| WHAT THE EXERCISE ASKS |
Copy out, from the data below, each line in which the word "body" occurs.
INPUT Start Marker
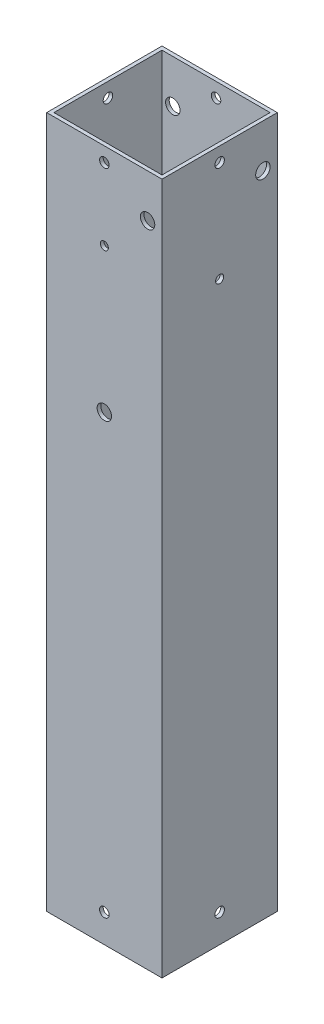
from build123d import *

# Parameters (mm, degrees)
SKETCH1_W               = 50.8
SKETCH1_H               = 50.8
SKETCH1_W_2             = 47.625
SKETCH1_H_2             = 47.625
BOSS_EXTRUDE1_DEPTH     = 304.8
SKETCH6_R               = 2.0955
CUT_EXTRUDE3_DEPTH      = 1
CUT_EXTRUDE3_DEPTH_BACK = 51.8
SKETCH7_R               = 2.0955
CUT_EXTRUDE4_DEPTH      = 1
CUT_EXTRUDE4_DEPTH_BACK = 51.8
SKETCH8_R               = 2.0955
CUT_EXTRUDE5_DEPTH      = 51.8
SKETCH9_R               = 2.0955
CUT_EXTRUDE6_DEPTH      = 51.8
SKETCH10_R              = 3.175
CUT_EXTRUDE7_DEPTH      = 5.08
SKETCH11_R              = 3.175
CUT_EXTRUDE8_DEPTH      = 5.08
SKETCH12_R              = 3.175
CUT_EXTRUDE9_DEPTH      = 5.08
SKETCH13_R              = 3.175
CUT_EXTRUDE10_DEPTH     = 5.08
SKETCH15_R              = 1.778
SKETCH15_R_2            = 3.175
CUT_EXTRUDE12_DEPTH     = 5.08
SKETCH16_R              = 1.778
CUT_EXTRUDE13_DEPTH     = 5.08
SKETCH17_R              = 1.778
CUT_EXTRUDE14_DEPTH     = 5.08
SKETCH19_R              = 1.778
SKETCH19_R_2            = 3.175
CUT_EXTRUDE15_DEPTH     = 5.08


with BuildPart() as part:
    # Sketch1 → Boss-Extrude1 (new body)
    with BuildSketch(Plane(origin=(0, 0, 0), x_dir=(1, 0, 0), z_dir=(0, 1, 0))):
        Rectangle(SKETCH1_W, SKETCH1_H)
        Rectangle(SKETCH1_W_2, SKETCH1_H_2, mode=Mode.SUBTRACT)
    extrude(amount=BOSS_EXTRUDE1_DEPTH)

    # Sketch6 → Cut-Extrude3 (cut, two sides)
    with BuildSketch(Plane(origin=(25.4, 0, 0), x_dir=(0, 0, -1), z_dir=(1, 0, 0))) as cut_extrude3_sk:
        with Locations((0, 12.412400118)):
            Circle(SKETCH6_R)
    extrude(amount=CUT_EXTRUDE3_DEPTH, mode=Mode.SUBTRACT)
    extrude(cut_extrude3_sk.sketch, amount=-CUT_EXTRUDE3_DEPTH_BACK, mode=Mode.SUBTRACT)

    # Sketch7 → Cut-Extrude4 (cut, two sides)
    with BuildSketch(Plane(origin=(0, 0, -25.4), x_dir=(-1, 0, 0), z_dir=(0, 0, -1))) as cut_extrude4_sk:
        with Locations((0, 12.412400118)):
            Circle(SKETCH7_R)
    extrude(amount=CUT_EXTRUDE4_DEPTH, mode=Mode.SUBTRACT)
    extrude(cut_extrude4_sk.sketch, amount=-CUT_EXTRUDE4_DEPTH_BACK, mode=Mode.SUBTRACT)

    # Sketch8 → Cut-Extrude5 (cut, through all)
    with BuildSketch(Plane(origin=(25.4, 0, 0), x_dir=(0, 0, -1), z_dir=(1, 0, 0))):
        with Locations((0, 298.45)):
            Circle(SKETCH8_R)
    extrude(amount=-CUT_EXTRUDE5_DEPTH, mode=Mode.SUBTRACT)

    # Sketch9 → Cut-Extrude6 (cut, through all)
    with BuildSketch(Plane.XY.offset(25.4)):
        with Locations((0, 298.45)):
            Circle(SKETCH9_R)
    extrude(amount=-CUT_EXTRUDE6_DEPTH, mode=Mode.SUBTRACT)

    # Sketch10 → Cut-Extrude7 (cut)
    with BuildSketch(Plane.XY.offset(25.4)):
        with Locations((19.05, 285.75)):
            Circle(SKETCH10_R)
    extrude(amount=-CUT_EXTRUDE7_DEPTH, mode=Mode.SUBTRACT)

    # Sketch11 → Cut-Extrude8 (cut)
    with BuildSketch(Plane.ZY.offset(25.4)):
        with Locations((19.05, 285.75)):
            Circle(SKETCH11_R)
    extrude(amount=-CUT_EXTRUDE8_DEPTH, mode=Mode.SUBTRACT)

    # Sketch12 → Cut-Extrude9 (cut)
    with BuildSketch(Plane(origin=(0, 0, -25.4), x_dir=(-1, 0, 0), z_dir=(0, 0, -1))):
        with Locations((19.05, 285.75)):
            Circle(SKETCH12_R)
    extrude(amount=-CUT_EXTRUDE9_DEPTH, mode=Mode.SUBTRACT)

    # Sketch13 → Cut-Extrude10 (cut)
    with BuildSketch(Plane(origin=(25.4, 0, 0), x_dir=(0, 0, -1), z_dir=(1, 0, 0))):
        with Locations((19.05, 285.75)):
            Circle(SKETCH13_R)
    extrude(amount=-CUT_EXTRUDE10_DEPTH, mode=Mode.SUBTRACT)

    # Sketch15 → Cut-Extrude12 (cut)
    with BuildSketch(Plane(origin=(0, 0, -25.4), x_dir=(-1, 0, 0), z_dir=(0, 0, -1))):
        with Locations((0, 222.25)):
            Circle(SKETCH15_R)
        with Locations((0, 190.5)):
            Circle(SKETCH15_R_2)
    extrude(amount=-CUT_EXTRUDE12_DEPTH, mode=Mode.SUBTRACT)

    # Sketch16 → Cut-Extrude13 (cut)
    with BuildSketch(Plane(origin=(25.4, 0, 0), x_dir=(0, 0, -1), z_dir=(1, 0, 0))):
        with Locations((0, 254)):
            Circle(SKETCH16_R)
    extrude(amount=-CUT_EXTRUDE13_DEPTH, mode=Mode.SUBTRACT)

    # Sketch17 → Cut-Extrude14 (cut)
    with BuildSketch(Plane.ZY.offset(25.4)):
        with Locations((0, 203.2)):
            Circle(SKETCH17_R)
    extrude(amount=-CUT_EXTRUDE14_DEPTH, mode=Mode.SUBTRACT)

    # Sketch19 → Cut-Extrude15 (cut)
    with BuildSketch(Plane.XY.offset(25.4)):
        with Locations((0, 266.7)):
            Circle(SKETCH19_R)
        with Locations((0, 203.2)):
            Circle(SKETCH19_R_2)
    extrude(amount=-CUT_EXTRUDE15_DEPTH, mode=Mode.SUBTRACT)


solid = part.part
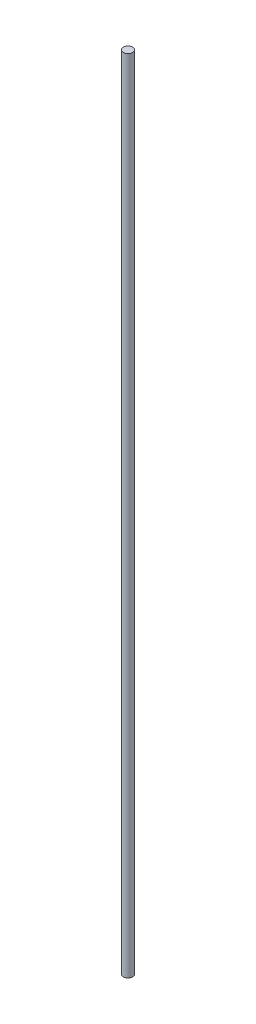
from build123d import *

# Parameters (mm, degrees)
CROQUIS2_R              = 0.875
SALIENTE_EXTRUIR1_DEPTH = 150


with BuildPart() as part:
    # Croquis2 → Saliente-Extruir1 (new body)
    with BuildSketch(Plane(origin=(0, 0, 0), x_dir=(1, 0, 0), z_dir=(0, 1, 0))):
        Circle(CROQUIS2_R)
    extrude(amount=SALIENTE_EXTRUIR1_DEPTH)


solid = part.part
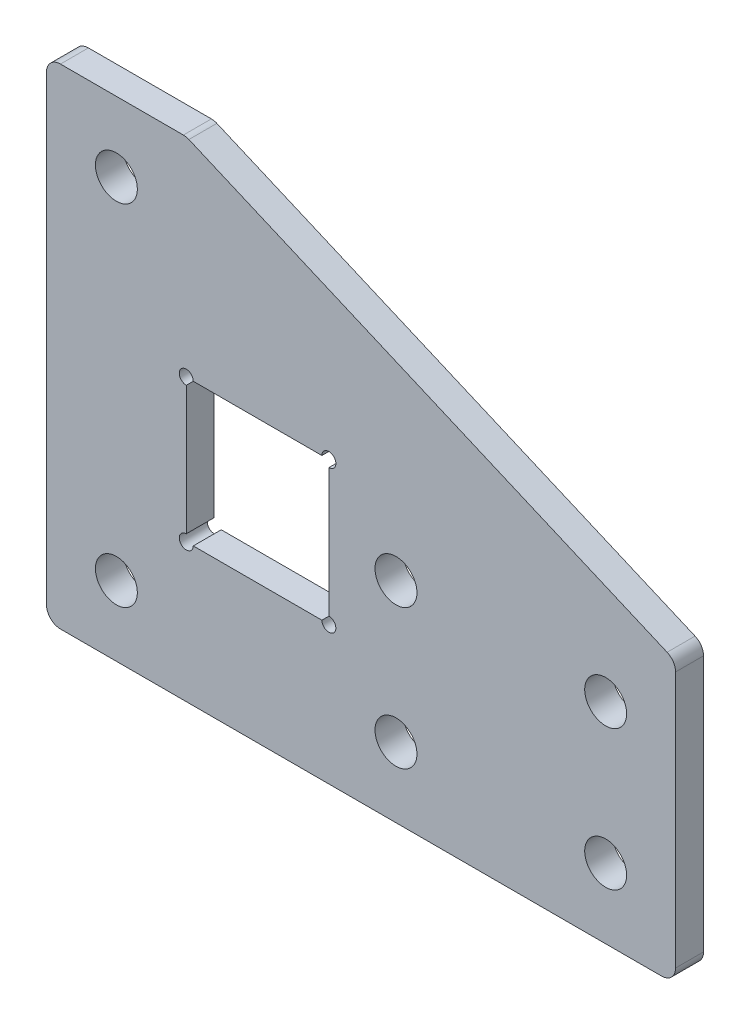
from build123d import *

# Parameters (mm, degrees)
SKETCH_1_R          = 1.5
SKETCH_1_W          = 10.2
SKETCH_1_H          = 10.2
EXTRUDE_1_DEPTH     = 2
SKETCH_2_R          = 0.5
CUT_EXTRUDE_1_DEPTH = 10
FILLET_1_R          = 1


with BuildPart() as part:
    # 草图1 → 凸台-拉伸1 (new body)
    with BuildSketch(Plane.XY):
        Polygon((5, 30), (-5, 30), (-5, -5), (40, -5), (40, 15), align=None)
        Circle(SKETCH_1_R, mode=Mode.SUBTRACT)
        with Locations((10.1, 10)):
            Rectangle(SKETCH_1_W, SKETCH_1_H, mode=Mode.SUBTRACT)
        with Locations((20, 0)):
            Circle(SKETCH_1_R, mode=Mode.SUBTRACT)
        with Locations((35, 0)):
            Circle(SKETCH_1_R, mode=Mode.SUBTRACT)
        with Locations((20, 10)):
            Circle(SKETCH_1_R, mode=Mode.SUBTRACT)
        with Locations((35, 10)):
            Circle(SKETCH_1_R, mode=Mode.SUBTRACT)
        with Locations((0, 25)):
            Circle(SKETCH_1_R, mode=Mode.SUBTRACT)
    extrude(amount=EXTRUDE_1_DEPTH)

    # 草图2 → 切除-拉伸1 (cut)
    with BuildSketch(Plane.XY.offset(2)):
        with Locations((15.2, 15.1)):
            Circle(SKETCH_2_R)
        with Locations((15.2, 4.9)):
            Circle(SKETCH_2_R)
        with Locations((5, 15.1)):
            Circle(SKETCH_2_R)
        with Locations((5, 4.9)):
            Circle(SKETCH_2_R)
    extrude(amount=-CUT_EXTRUDE_1_DEPTH, mode=Mode.SUBTRACT)

    # 圆角1
    fillet_1_edges = [part.edges().sort_by_distance(p)[0] for p in [
        (-5, 30, 1),
        (5, 30, 1),
        (40, 15, 1),
        (40, -5, 1),
        (-5, -5, 1),
    ]]
    fillet(fillet_1_edges, radius=FILLET_1_R)


solid = part.part
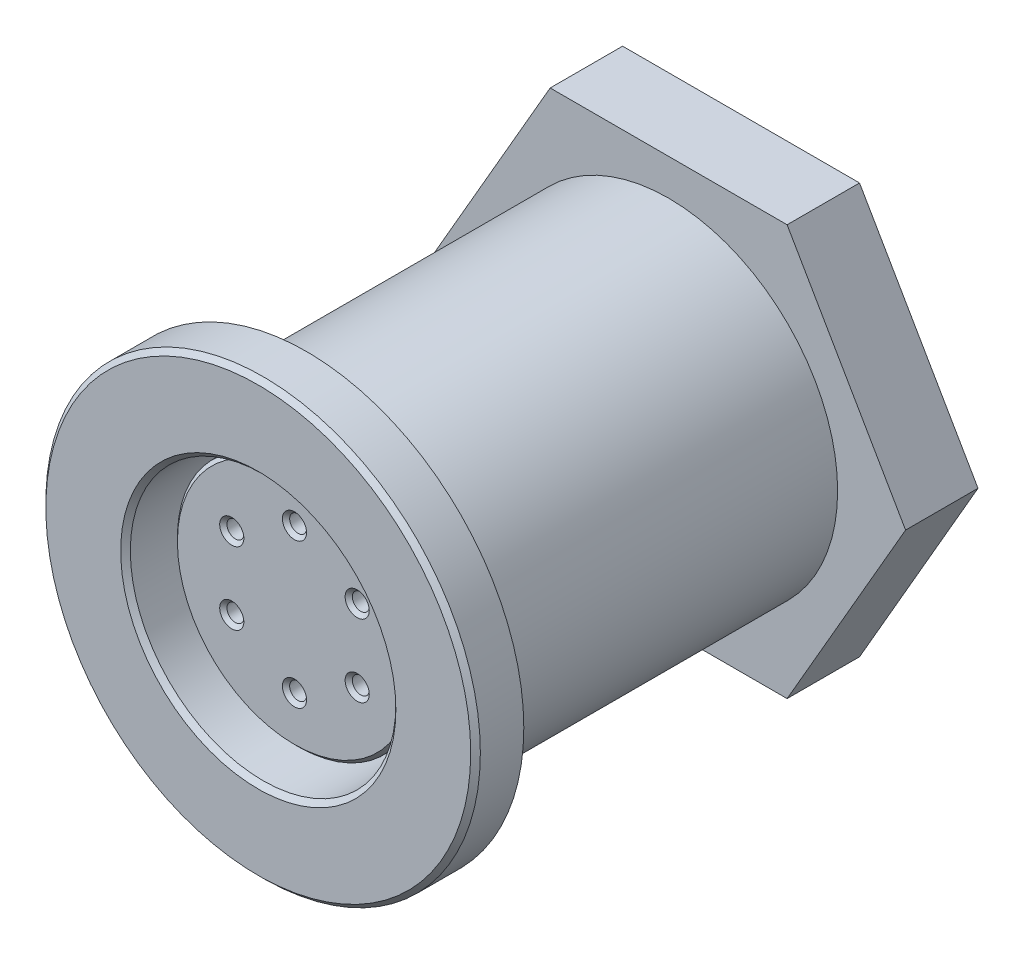
from build123d import *

# Parameters (mm, degrees)
SKETCH1_R          = 9
EXTRUDE1_DEPTH     = 2
SKETCH4_R          = 7
EXTRUDE2_DEPTH     = 19
SKETCH2_R          = 5.5
CUT_EXTRUDE1_DEPTH = 10
SKETCH3_R          = 7.8
SKETCH3_R_2        = 7
CUT_EXTRUDE2_DEPTH = 1
SKETCH5_R          = 5
EXTRUDE3_DEPTH     = 8.5
SKETCH6_R          = 0.35
CUT_EXTRUDE3_DEPTH = 7
CHAMFER2_SIZE      = 0.15
CHAMFER1_SIZE      = 0.2
SKETCH7_R          = 5
CUT_EXTRUDE4_DEPTH = 1
CHAMFER3_SIZE      = 0.5
EXTRUDE4_DEPTH     = 3


with BuildPart() as part:
    # Sketch1 → Extrude1 (new body)
    with BuildSketch(Plane.XY):
        Circle(SKETCH1_R)
    extrude(amount=EXTRUDE1_DEPTH)

    # Sketch4 → Extrude2 (add)
    with BuildSketch(Plane(origin=(0, 0, 0), x_dir=(-1, 0, 0), z_dir=(0, 0, -1))):
        Circle(SKETCH4_R)
    extrude(amount=EXTRUDE2_DEPTH)

    # Sketch2 → Cut-Extrude1 (cut)
    with BuildSketch(Plane.XY.offset(2)):
        Circle(SKETCH2_R)
    extrude(amount=-CUT_EXTRUDE1_DEPTH, mode=Mode.SUBTRACT)

    # Sketch3 → Cut-Extrude2 (cut)
    with BuildSketch(Plane(origin=(0, 0, 0), x_dir=(-1, 0, 0), z_dir=(0, 0, -1))):
        Circle(SKETCH3_R)
        Circle(SKETCH3_R_2, mode=Mode.SUBTRACT)
    extrude(amount=-CUT_EXTRUDE2_DEPTH, mode=Mode.SUBTRACT)

    # Sketch5 → Extrude3 (add)
    with BuildSketch(Plane.XY.offset(-8)):
        Circle(SKETCH5_R)
    extrude(amount=EXTRUDE3_DEPTH)

    # Sketch6 → Cut-Extrude3 (cut)
    with BuildSketch(Plane.XY.offset(0.5)):
        with Locations((0, 3)):
            Circle(SKETCH6_R)
        with Locations((0, -3)):
            Circle(SKETCH6_R)
        with Locations((2.598076211, 1.5)):
            Circle(SKETCH6_R)
        with Locations((2.598076211, -1.5)):
            Circle(SKETCH6_R)
        with Locations((-2.598076211, 1.5)):
            Circle(SKETCH6_R)
        with Locations((-2.598076211, -1.5)):
            Circle(SKETCH6_R)
    extrude(amount=-CUT_EXTRUDE3_DEPTH, mode=Mode.SUBTRACT)

    # Chamfer2
    chamfer2_edges = [part.edges().sort_by_distance(p)[0] for p in [
        (-5, 0, 0.5),
        (-0.35, 3, 0.5),
        (-0.35, -3, 0.5),
        (2.248076211, 1.5, 0.5),
        (2.248076211, -1.5, 0.5),
        (-2.948076211, 1.5, 0.5),
        (-2.948076211, -1.5, 0.5),
    ]]
    chamfer(chamfer2_edges, length=CHAMFER2_SIZE)

    # Chamfer1
    chamfer1_edges = [part.edges().sort_by_distance(p)[0] for p in [
        (-5.5, 0, 2),
        (-9, 0, 2),
    ]]
    chamfer(chamfer1_edges, length=CHAMFER1_SIZE)

    # Sketch7 → Cut-Extrude4 (cut)
    with BuildSketch(Plane(origin=(0, 0, -19), x_dir=(-1, 0, 0), z_dir=(0, 0, -1))):
        Circle(SKETCH7_R)
    extrude(amount=-CUT_EXTRUDE4_DEPTH, mode=Mode.SUBTRACT)

    # Chamfer3
    chamfer3_edges = [part.edges().sort_by_distance(p)[0] for p in [
        (7, 0, -19),
    ]]
    chamfer(chamfer3_edges, length=CHAMFER3_SIZE)

    # Sketch8 → Extrude4 (add)
    with BuildSketch(Plane(origin=(0, 0, -18), x_dir=(-1, 0, 0), z_dir=(0, 0, -1))):
        Polygon((-4.907477288, 8.5), (4.907477288, 8.5), (9.814954576, 0), (4.907477288, -8.5), (-4.907477288, -8.5), (-9.814954576, 0), align=None)
    extrude(amount=-EXTRUDE4_DEPTH)


solid = part.part
INPUT End Marker
| EXPECTED OUTPUT |
    # Sketch1 → Boss-Extrude1 (new body)
    # Croquis2 → Saliente-Extruir1 (new body)
    # 草图1 → 凸台-拉伸1 (new body)
    # Sketch1 → Extrude1 (new body)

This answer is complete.